FDA Approves Genzyme’s Lemtrada for Relapsing MS

November 21, 2014

The FDA has approved an expanded indication for Genzyme’s leukemia drug Lemtrada to treat relapsing multiple sclerosis, 11 months after it initially turned down the company’s sBLA due to safety concerns.

The approval of Lemtrada (alemtuzumab) requires a boxed warning about serious and sometimes-fatal autoimmune conditions, life-threatening infusion reactions, thyroid cancer, melanoma and lymphoproliferative disorders. The drug also requires a Risk Evaluation and Mitigation Strategy plan, which includes monitoring of patients for four years after the last infusion of the drug.

Sanofi subsidiary Genzyme said the drug generally is recommended for use only in patients who have not responded well to two or more alternative MS therapies.

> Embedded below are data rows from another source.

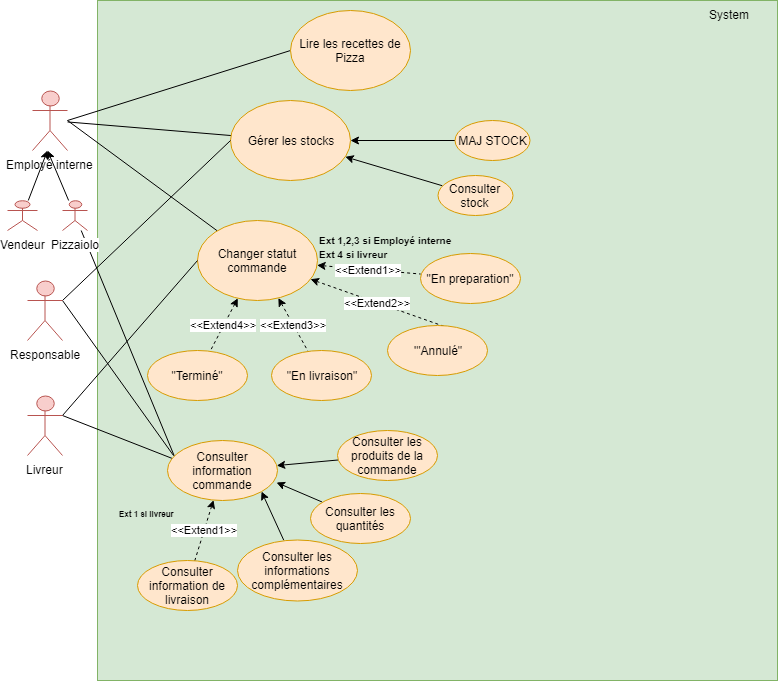

The diagram above was exported from draw.io. Its source (the exported page's mxGraphModel, read from the mxfile embedded in the PNG):
<mxGraphModel dx="1394" dy="715" grid="1" gridSize="10" guides="1" tooltips="1" connect="1" arrows="1" fold="1" page="1" pageScale="1" pageWidth="827" pageHeight="1169" math="0" shadow="0">
  <root>
    <mxCell id="oQGOSZ125ATuZfbLU_FB-0" />
    <mxCell id="oQGOSZ125ATuZfbLU_FB-1" parent="oQGOSZ125ATuZfbLU_FB-0" />
    <mxCell id="oQGOSZ125ATuZfbLU_FB-4" value="" style="whiteSpace=wrap;html=1;aspect=fixed;fillColor=#d5e8d4;strokeColor=#82b366;" parent="oQGOSZ125ATuZfbLU_FB-1" vertex="1">
      <mxGeometry x="100" y="20" width="680" height="680" as="geometry" />
    </mxCell>
    <mxCell id="oQGOSZ125ATuZfbLU_FB-16" style="edgeStyle=none;rounded=0;orthogonalLoop=1;jettySize=auto;html=1;entryX=0;entryY=0.5;entryDx=0;entryDy=0;endArrow=none;endFill=0;" parent="oQGOSZ125ATuZfbLU_FB-1" target="oQGOSZ125ATuZfbLU_FB-7" edge="1">
      <mxGeometry relative="1" as="geometry">
        <mxPoint x="70" y="140" as="sourcePoint" />
      </mxGeometry>
    </mxCell>
    <mxCell id="oQGOSZ125ATuZfbLU_FB-17" style="edgeStyle=none;rounded=0;orthogonalLoop=1;jettySize=auto;html=1;endArrow=none;endFill=0;" parent="oQGOSZ125ATuZfbLU_FB-1" source="oQGOSZ125ATuZfbLU_FB-2" target="oQGOSZ125ATuZfbLU_FB-6" edge="1">
      <mxGeometry relative="1" as="geometry" />
    </mxCell>
    <mxCell id="oQGOSZ125ATuZfbLU_FB-18" style="edgeStyle=none;rounded=0;orthogonalLoop=1;jettySize=auto;html=1;endArrow=none;endFill=0;" parent="oQGOSZ125ATuZfbLU_FB-1" target="oQGOSZ125ATuZfbLU_FB-8" edge="1">
      <mxGeometry relative="1" as="geometry">
        <mxPoint x="70" y="140" as="sourcePoint" />
      </mxGeometry>
    </mxCell>
    <mxCell id="oQGOSZ125ATuZfbLU_FB-2" value="Employé interne" style="shape=umlActor;verticalLabelPosition=bottom;labelBackgroundColor=#ffffff;verticalAlign=top;html=1;outlineConnect=0;fillColor=#f8cecc;strokeColor=#b85450;" parent="oQGOSZ125ATuZfbLU_FB-1" vertex="1">
      <mxGeometry x="35" y="110" width="35" height="60" as="geometry" />
    </mxCell>
    <mxCell id="oQGOSZ125ATuZfbLU_FB-14" style="rounded=0;orthogonalLoop=1;jettySize=auto;html=1;" parent="oQGOSZ125ATuZfbLU_FB-1" source="oQGOSZ125ATuZfbLU_FB-9" edge="1">
      <mxGeometry relative="1" as="geometry">
        <mxPoint x="50" y="170" as="targetPoint" />
      </mxGeometry>
    </mxCell>
    <mxCell id="oQGOSZ125ATuZfbLU_FB-9" value="Vendeur" style="shape=umlActor;verticalLabelPosition=bottom;labelBackgroundColor=#ffffff;verticalAlign=top;html=1;outlineConnect=0;fillColor=#f8cecc;strokeColor=#b85450;" parent="oQGOSZ125ATuZfbLU_FB-1" vertex="1">
      <mxGeometry x="10" y="220" width="30" height="30" as="geometry" />
    </mxCell>
    <mxCell id="oTEbjgqPcVOArUo5T2la-2" value="" style="edgeStyle=none;rounded=0;orthogonalLoop=1;jettySize=auto;html=1;endArrow=none;endFill=0;startArrow=classic;startFill=1;" parent="oQGOSZ125ATuZfbLU_FB-1" source="oQGOSZ125ATuZfbLU_FB-6" target="oTEbjgqPcVOArUo5T2la-0" edge="1">
      <mxGeometry relative="1" as="geometry" />
    </mxCell>
    <mxCell id="oQGOSZ125ATuZfbLU_FB-6" value="Gérer les stocks" style="ellipse;whiteSpace=wrap;html=1;fillColor=#ffe6cc;strokeColor=#d79b00;" parent="oQGOSZ125ATuZfbLU_FB-1" vertex="1">
      <mxGeometry x="233" y="120" width="120" height="80" as="geometry" />
    </mxCell>
    <mxCell id="oQGOSZ125ATuZfbLU_FB-7" value="Lire les recettes de Pizza" style="ellipse;whiteSpace=wrap;html=1;fillColor=#ffe6cc;strokeColor=#d79b00;" parent="oQGOSZ125ATuZfbLU_FB-1" vertex="1">
      <mxGeometry x="293" y="30" width="120" height="80" as="geometry" />
    </mxCell>
    <mxCell id="PwnBiIT1SQmQLWZZHHPx-1" value="&amp;lt;&amp;lt;Extend4&amp;gt;&amp;gt;" style="edgeStyle=none;rounded=0;orthogonalLoop=1;jettySize=auto;html=1;startArrow=classic;startFill=1;endArrow=none;endFill=0;dashed=1;" parent="oQGOSZ125ATuZfbLU_FB-1" source="oQGOSZ125ATuZfbLU_FB-8" target="oTEbjgqPcVOArUo5T2la-5" edge="1">
      <mxGeometry relative="1" as="geometry" />
    </mxCell>
    <mxCell id="PwnBiIT1SQmQLWZZHHPx-3" value="&amp;lt;&amp;lt;Extend3&amp;gt;&amp;gt;" style="edgeStyle=none;rounded=0;orthogonalLoop=1;jettySize=auto;html=1;startArrow=classic;startFill=1;endArrow=none;endFill=0;dashed=1;" parent="oQGOSZ125ATuZfbLU_FB-1" source="oQGOSZ125ATuZfbLU_FB-8" target="oTEbjgqPcVOArUo5T2la-4" edge="1">
      <mxGeometry relative="1" as="geometry" />
    </mxCell>
    <mxCell id="PwnBiIT1SQmQLWZZHHPx-5" value="&amp;lt;&amp;lt;Extend2&amp;gt;&amp;gt;" style="edgeStyle=none;rounded=0;orthogonalLoop=1;jettySize=auto;html=1;entryX=0.57;entryY=0.02;entryDx=0;entryDy=0;entryPerimeter=0;startArrow=classic;startFill=1;endArrow=none;endFill=0;dashed=1;" parent="oQGOSZ125ATuZfbLU_FB-1" source="oQGOSZ125ATuZfbLU_FB-8" target="oTEbjgqPcVOArUo5T2la-6" edge="1">
      <mxGeometry relative="1" as="geometry" />
    </mxCell>
    <mxCell id="PwnBiIT1SQmQLWZZHHPx-6" value="&amp;lt;&amp;lt;Extend1&amp;gt;&amp;gt;" style="edgeStyle=none;rounded=0;orthogonalLoop=1;jettySize=auto;html=1;startArrow=classic;startFill=1;endArrow=none;endFill=0;dashed=1;" parent="oQGOSZ125ATuZfbLU_FB-1" source="oQGOSZ125ATuZfbLU_FB-8" target="oTEbjgqPcVOArUo5T2la-3" edge="1">
      <mxGeometry relative="1" as="geometry" />
    </mxCell>
    <mxCell id="oQGOSZ125ATuZfbLU_FB-8" value="Changer statut commande" style="ellipse;whiteSpace=wrap;html=1;fillColor=#ffe6cc;strokeColor=#d79b00;" parent="oQGOSZ125ATuZfbLU_FB-1" vertex="1">
      <mxGeometry x="200" y="240" width="120" height="80" as="geometry" />
    </mxCell>
    <mxCell id="oQGOSZ125ATuZfbLU_FB-15" style="edgeStyle=none;rounded=0;orthogonalLoop=1;jettySize=auto;html=1;" parent="oQGOSZ125ATuZfbLU_FB-1" source="oQGOSZ125ATuZfbLU_FB-12" edge="1">
      <mxGeometry relative="1" as="geometry">
        <mxPoint x="50" y="170" as="targetPoint" />
      </mxGeometry>
    </mxCell>
    <mxCell id="pi7WnitmsHdv_jU-F2rW-9" style="edgeStyle=none;rounded=0;orthogonalLoop=1;jettySize=auto;html=1;entryX=0.067;entryY=0.263;entryDx=0;entryDy=0;entryPerimeter=0;startArrow=none;startFill=0;endArrow=none;endFill=0;" parent="oQGOSZ125ATuZfbLU_FB-1" source="oQGOSZ125ATuZfbLU_FB-12" target="pi7WnitmsHdv_jU-F2rW-3" edge="1">
      <mxGeometry relative="1" as="geometry" />
    </mxCell>
    <mxCell id="oQGOSZ125ATuZfbLU_FB-12" value="Pizzaiolo" style="shape=umlActor;verticalLabelPosition=bottom;labelBackgroundColor=#ffffff;verticalAlign=top;html=1;outlineConnect=0;fillColor=#f8cecc;strokeColor=#b85450;" parent="oQGOSZ125ATuZfbLU_FB-1" vertex="1">
      <mxGeometry x="65" y="220" width="25" height="30" as="geometry" />
    </mxCell>
    <mxCell id="IVyLy5Jn8xMDJtTUHWDa-0" style="edgeStyle=orthogonalEdgeStyle;rounded=0;orthogonalLoop=1;jettySize=auto;html=1;entryX=1;entryY=0.5;entryDx=0;entryDy=0;startArrow=none;startFill=0;endArrow=classic;endFill=1;" parent="oQGOSZ125ATuZfbLU_FB-1" source="oQGOSZ125ATuZfbLU_FB-29" target="oQGOSZ125ATuZfbLU_FB-6" edge="1">
      <mxGeometry relative="1" as="geometry" />
    </mxCell>
    <mxCell id="oQGOSZ125ATuZfbLU_FB-29" value="MAJ STOCK" style="ellipse;whiteSpace=wrap;html=1;fillColor=#ffe6cc;strokeColor=#d79b00;" parent="oQGOSZ125ATuZfbLU_FB-1" vertex="1">
      <mxGeometry x="457.5" y="140" width="75" height="40" as="geometry" />
    </mxCell>
    <mxCell id="oTEbjgqPcVOArUo5T2la-0" value="Consulter stock" style="ellipse;whiteSpace=wrap;html=1;fillColor=#ffe6cc;strokeColor=#d79b00;" parent="oQGOSZ125ATuZfbLU_FB-1" vertex="1">
      <mxGeometry x="440" y="195" width="75" height="40" as="geometry" />
    </mxCell>
    <mxCell id="oTEbjgqPcVOArUo5T2la-3" value="&quot;En preparation&quot;" style="ellipse;whiteSpace=wrap;html=1;fillColor=#ffe6cc;strokeColor=#d79b00;" parent="oQGOSZ125ATuZfbLU_FB-1" vertex="1">
      <mxGeometry x="422.5" y="272.5" width="100" height="50" as="geometry" />
    </mxCell>
    <mxCell id="oTEbjgqPcVOArUo5T2la-4" value="&quot;En livraison&quot;" style="ellipse;whiteSpace=wrap;html=1;fillColor=#ffe6cc;strokeColor=#d79b00;" parent="oQGOSZ125ATuZfbLU_FB-1" vertex="1">
      <mxGeometry x="274" y="370" width="100" height="50" as="geometry" />
    </mxCell>
    <mxCell id="oTEbjgqPcVOArUo5T2la-5" value="&quot;Terminé&quot;" style="ellipse;whiteSpace=wrap;html=1;fillColor=#ffe6cc;strokeColor=#d79b00;" parent="oQGOSZ125ATuZfbLU_FB-1" vertex="1">
      <mxGeometry x="150" y="370" width="100" height="50" as="geometry" />
    </mxCell>
    <mxCell id="oTEbjgqPcVOArUo5T2la-6" value="'&quot;Annulé&quot;" style="ellipse;whiteSpace=wrap;html=1;fillColor=#ffe6cc;strokeColor=#d79b00;" parent="oQGOSZ125ATuZfbLU_FB-1" vertex="1">
      <mxGeometry x="390" y="345" width="100" height="50" as="geometry" />
    </mxCell>
    <mxCell id="PwnBiIT1SQmQLWZZHHPx-7" value="&lt;font style=&quot;font-size: 10px&quot;&gt;&lt;b&gt;&lt;span&gt;Ext 1,2,3 si Employé interne&lt;/span&gt;&lt;br&gt;&lt;font style=&quot;font-size: 10px&quot;&gt;Ext 4 si livreur&lt;/font&gt;&lt;/b&gt;&lt;/font&gt;&lt;br&gt;" style="text;html=1;resizable=0;points=[];autosize=1;align=left;verticalAlign=top;spacingTop=-4;" parent="oQGOSZ125ATuZfbLU_FB-1" vertex="1">
      <mxGeometry x="320" y="250" width="150" height="30" as="geometry" />
    </mxCell>
    <mxCell id="pi7WnitmsHdv_jU-F2rW-1" style="edgeStyle=none;rounded=0;orthogonalLoop=1;jettySize=auto;html=1;startArrow=none;startFill=0;endArrow=none;endFill=0;exitX=1;exitY=0.3333333333333333;exitDx=0;exitDy=0;exitPerimeter=0;entryX=0;entryY=0.5;entryDx=0;entryDy=0;" parent="oQGOSZ125ATuZfbLU_FB-1" source="pi7WnitmsHdv_jU-F2rW-0" target="oQGOSZ125ATuZfbLU_FB-8" edge="1">
      <mxGeometry relative="1" as="geometry">
        <mxPoint x="220" y="250" as="targetPoint" />
      </mxGeometry>
    </mxCell>
    <mxCell id="pi7WnitmsHdv_jU-F2rW-5" style="edgeStyle=none;rounded=0;orthogonalLoop=1;jettySize=auto;html=1;startArrow=none;startFill=0;endArrow=none;endFill=0;exitX=1;exitY=0.3333333333333333;exitDx=0;exitDy=0;exitPerimeter=0;" parent="oQGOSZ125ATuZfbLU_FB-1" source="pi7WnitmsHdv_jU-F2rW-0" edge="1">
      <mxGeometry relative="1" as="geometry">
        <mxPoint x="180" y="480" as="targetPoint" />
      </mxGeometry>
    </mxCell>
    <mxCell id="pi7WnitmsHdv_jU-F2rW-0" value="Livreur&lt;br&gt;" style="shape=umlActor;verticalLabelPosition=bottom;labelBackgroundColor=#ffffff;verticalAlign=top;html=1;outlineConnect=0;fillColor=#f8cecc;strokeColor=#b85450;" parent="oQGOSZ125ATuZfbLU_FB-1" vertex="1">
      <mxGeometry x="30" y="415" width="35" height="60" as="geometry" />
    </mxCell>
    <mxCell id="pi7WnitmsHdv_jU-F2rW-3" value="Consulter information commande" style="ellipse;whiteSpace=wrap;html=1;fillColor=#ffe6cc;strokeColor=#d79b00;" parent="oQGOSZ125ATuZfbLU_FB-1" vertex="1">
      <mxGeometry x="170" y="460" width="110" height="60" as="geometry" />
    </mxCell>
    <mxCell id="gMhkXSUFD6oeeg_Yaa-b-0" style="rounded=0;orthogonalLoop=1;jettySize=auto;html=1;startArrow=none;startFill=0;endArrow=classic;endFill=1;" parent="oQGOSZ125ATuZfbLU_FB-1" source="pi7WnitmsHdv_jU-F2rW-13" target="pi7WnitmsHdv_jU-F2rW-3" edge="1">
      <mxGeometry relative="1" as="geometry" />
    </mxCell>
    <mxCell id="pi7WnitmsHdv_jU-F2rW-13" value="Consulter les produits de la commande" style="ellipse;whiteSpace=wrap;html=1;fillColor=#ffe6cc;strokeColor=#d79b00;" parent="oQGOSZ125ATuZfbLU_FB-1" vertex="1">
      <mxGeometry x="340" y="450" width="100" height="50" as="geometry" />
    </mxCell>
    <mxCell id="gMhkXSUFD6oeeg_Yaa-b-1" style="edgeStyle=none;rounded=0;orthogonalLoop=1;jettySize=auto;html=1;entryX=0.991;entryY=0.7;entryDx=0;entryDy=0;entryPerimeter=0;startArrow=none;startFill=0;endArrow=classic;endFill=1;" parent="oQGOSZ125ATuZfbLU_FB-1" source="pi7WnitmsHdv_jU-F2rW-14" target="pi7WnitmsHdv_jU-F2rW-3" edge="1">
      <mxGeometry relative="1" as="geometry" />
    </mxCell>
    <mxCell id="pi7WnitmsHdv_jU-F2rW-14" value="Consulter les quantités" style="ellipse;whiteSpace=wrap;html=1;fillColor=#ffe6cc;strokeColor=#d79b00;" parent="oQGOSZ125ATuZfbLU_FB-1" vertex="1">
      <mxGeometry x="313" y="512.5" width="100" height="50" as="geometry" />
    </mxCell>
    <mxCell id="gMhkXSUFD6oeeg_Yaa-b-2" style="edgeStyle=none;rounded=0;orthogonalLoop=1;jettySize=auto;html=1;entryX=1;entryY=1;entryDx=0;entryDy=0;startArrow=none;startFill=0;endArrow=classic;endFill=1;" parent="oQGOSZ125ATuZfbLU_FB-1" source="pi7WnitmsHdv_jU-F2rW-15" target="pi7WnitmsHdv_jU-F2rW-3" edge="1">
      <mxGeometry relative="1" as="geometry" />
    </mxCell>
    <mxCell id="pi7WnitmsHdv_jU-F2rW-15" value="Consulter les informations complémentaires" style="ellipse;whiteSpace=wrap;html=1;fillColor=#ffe6cc;strokeColor=#d79b00;" parent="oQGOSZ125ATuZfbLU_FB-1" vertex="1">
      <mxGeometry x="240" y="559" width="120" height="61" as="geometry" />
    </mxCell>
    <mxCell id="pi7WnitmsHdv_jU-F2rW-20" value="&amp;lt;&amp;lt;Extend1&amp;gt;&amp;gt;" style="edgeStyle=none;rounded=0;orthogonalLoop=1;jettySize=auto;html=1;startArrow=none;startFill=0;endArrow=classic;endFill=1;dashed=1;" parent="oQGOSZ125ATuZfbLU_FB-1" source="pi7WnitmsHdv_jU-F2rW-16" target="pi7WnitmsHdv_jU-F2rW-3" edge="1">
      <mxGeometry relative="1" as="geometry" />
    </mxCell>
    <mxCell id="pi7WnitmsHdv_jU-F2rW-16" value="Consulter information de livraison" style="ellipse;whiteSpace=wrap;html=1;fillColor=#ffe6cc;strokeColor=#d79b00;" parent="oQGOSZ125ATuZfbLU_FB-1" vertex="1">
      <mxGeometry x="140" y="580" width="100" height="50" as="geometry" />
    </mxCell>
    <mxCell id="pi7WnitmsHdv_jU-F2rW-21" value="&lt;font style=&quot;font-size: 8px&quot;&gt;&lt;b&gt;Ext 1 si livreur&lt;/b&gt;&lt;/font&gt;&lt;br&gt;" style="text;html=1;resizable=0;points=[];autosize=1;align=left;verticalAlign=top;spacingTop=-4;" parent="oQGOSZ125ATuZfbLU_FB-1" vertex="1">
      <mxGeometry x="120" y="522.5" width="70" height="20" as="geometry" />
    </mxCell>
    <mxCell id="ME8LSDKEKoZo6yWrUTzg-9" style="edgeStyle=none;rounded=0;orthogonalLoop=1;jettySize=auto;html=1;startArrow=none;startFill=0;endArrow=none;endFill=0;entryX=0;entryY=0.5;entryDx=0;entryDy=0;exitX=1;exitY=0.3333333333333333;exitDx=0;exitDy=0;exitPerimeter=0;" parent="oQGOSZ125ATuZfbLU_FB-1" source="ME8LSDKEKoZo6yWrUTzg-6" target="oQGOSZ125ATuZfbLU_FB-6" edge="1">
      <mxGeometry relative="1" as="geometry">
        <mxPoint x="230" y="150" as="targetPoint" />
      </mxGeometry>
    </mxCell>
    <mxCell id="ME8LSDKEKoZo6yWrUTzg-10" style="edgeStyle=none;rounded=0;orthogonalLoop=1;jettySize=auto;html=1;startArrow=none;startFill=0;endArrow=none;endFill=0;exitX=1;exitY=0.3333333333333333;exitDx=0;exitDy=0;exitPerimeter=0;entryX=0.055;entryY=0.25;entryDx=0;entryDy=0;entryPerimeter=0;" parent="oQGOSZ125ATuZfbLU_FB-1" source="ME8LSDKEKoZo6yWrUTzg-6" target="pi7WnitmsHdv_jU-F2rW-3" edge="1">
      <mxGeometry relative="1" as="geometry">
        <mxPoint x="180" y="480" as="targetPoint" />
      </mxGeometry>
    </mxCell>
    <mxCell id="ME8LSDKEKoZo6yWrUTzg-6" value="Responsable" style="shape=umlActor;verticalLabelPosition=bottom;labelBackgroundColor=#ffffff;verticalAlign=top;html=1;outlineConnect=0;fillColor=#f8cecc;strokeColor=#b85450;" parent="oQGOSZ125ATuZfbLU_FB-1" vertex="1">
      <mxGeometry x="30" y="300" width="35" height="60" as="geometry" />
    </mxCell>
    <mxCell id="MqfzOzEwcfac26Io_Bca-0" value="System" style="text;html=1;resizable=0;points=[];autosize=1;align=left;verticalAlign=top;spacingTop=-4;" parent="oQGOSZ125ATuZfbLU_FB-1" vertex="1">
      <mxGeometry x="710" y="25" width="60" height="20" as="geometry" />
    </mxCell>
  </root>
</mxGraphModel>

One of the key differences that set Lemtrada apart from other therapies is its dosing and administration schedule, said company spokeswoman Erin Pascal. While many other MS drugs must be administered daily or weekly, Lemtrada is given intravenously for the first five days, followed by a second three-day course an entire year later, Pascal said. 

The drug already is approved for relapsing MS in Europe, Canada and Australia. It also is approved in the U.S. to treat B-cell chronic lymphocytic leukemia. The FDA’s latest action on the product follows its rejection in December 2013 based on serious safety concerns. In a complete response letter, the FDA asked Genzyme to conduct new comparator trials with a different design.

While Genzyme declined to conduct new trials, it did provide the FDA with additional analyses to satisfy regulators’ concerns of serious adverse events, the company said. It also included data from the same two pivotal Phase III trials included in the original submission, which compared Lemtrada to Merck and Pfizer’s Rebif (high-dose subcutaneous interferon beta-1a).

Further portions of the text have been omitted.